# Bei 'The Expendables 3'-Dreh - Jason Statham fast ertrunken!



## beachkini (28 Aug. 2013)

*Rollen wie "The Transporter" oder "Crank" machten ihn weltberühmt: Jason Statham, 45, gehört zur obersten Liga der Action-Schauspieler. Die waghalsigen Stunts macht der Lebensgefährte von Top-Model Rosie Huntington-Whiteley, 26, zum Teil selbst. Einer hätte ihn nun fast das Leben gekostet. 
*​
Bei den Dreharbeiten zu dem Film "The Expendables 3" wäre der Darsteller am vergangenen Samstag, 24. August, beinahe ertrunken!

Das Unglück eregnete sich in einem künstlich angelegten See in Bulgarien. Während einer Unterwasserszene schaffte es Statham nicht mehr rechtzeitig, das Wasser zu verlassen und begann zu sinken, wie mehrere bulgarische Medien heute, 27. August, berichteten. 

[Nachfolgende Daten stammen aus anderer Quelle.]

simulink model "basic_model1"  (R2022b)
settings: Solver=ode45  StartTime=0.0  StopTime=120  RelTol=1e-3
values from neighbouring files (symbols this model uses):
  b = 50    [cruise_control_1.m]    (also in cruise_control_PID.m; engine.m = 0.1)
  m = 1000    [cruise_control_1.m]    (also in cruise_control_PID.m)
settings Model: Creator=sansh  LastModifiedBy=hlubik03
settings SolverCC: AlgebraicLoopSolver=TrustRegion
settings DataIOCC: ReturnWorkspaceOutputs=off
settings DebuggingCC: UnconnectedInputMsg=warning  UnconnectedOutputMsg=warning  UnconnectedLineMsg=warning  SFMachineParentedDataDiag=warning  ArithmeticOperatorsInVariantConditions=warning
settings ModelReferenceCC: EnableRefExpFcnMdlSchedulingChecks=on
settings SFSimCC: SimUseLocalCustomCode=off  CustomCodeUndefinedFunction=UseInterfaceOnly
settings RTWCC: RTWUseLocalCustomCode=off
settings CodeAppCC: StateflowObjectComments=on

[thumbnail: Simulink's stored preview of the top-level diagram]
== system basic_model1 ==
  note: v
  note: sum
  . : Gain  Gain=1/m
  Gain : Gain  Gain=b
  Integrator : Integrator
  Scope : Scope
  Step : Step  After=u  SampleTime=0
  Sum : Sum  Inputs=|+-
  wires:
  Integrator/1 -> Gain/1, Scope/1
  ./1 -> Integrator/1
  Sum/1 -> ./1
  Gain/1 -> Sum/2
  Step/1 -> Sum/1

Die ganze Crew sowie mehrere Stundleute kamen dem Schauspieler zur Hilfe. Er konnte unverletzt geborgen werden und wurde anschließend in ein Krankenhaus eingeliefert, welches er nach einigen Stunden unversehrt wieder verlassen durfte. 

Da dürfte auch seiner Freundin Rosie ein großer Stein vom Herzen fallen. Gerüchten zufolge soll er vorhaben, ihr schon bald einen Antrag zu machen. (ok-magazin.de)


Wahrscheinlich nur etwas verschluckt, aber Pressemeldungen machen sich immer gut für einen Film. Besonders er war Profischwimmer...


----------



## Punisher (28 Aug. 2013)

Tz, als ehemaliger Profischwimmer ertrinkt man nicht so schnell


----------



## Sidewinder (28 Aug. 2013)

Schon wieder Bulgarien als Drehort? Damit ist der Film für mich gestorben denn das Ostblock Setting hat mir schon Teil 2 versaut :angry:


----------



## cb1986 (29 Aug. 2013)

like this series of films, good shows


----------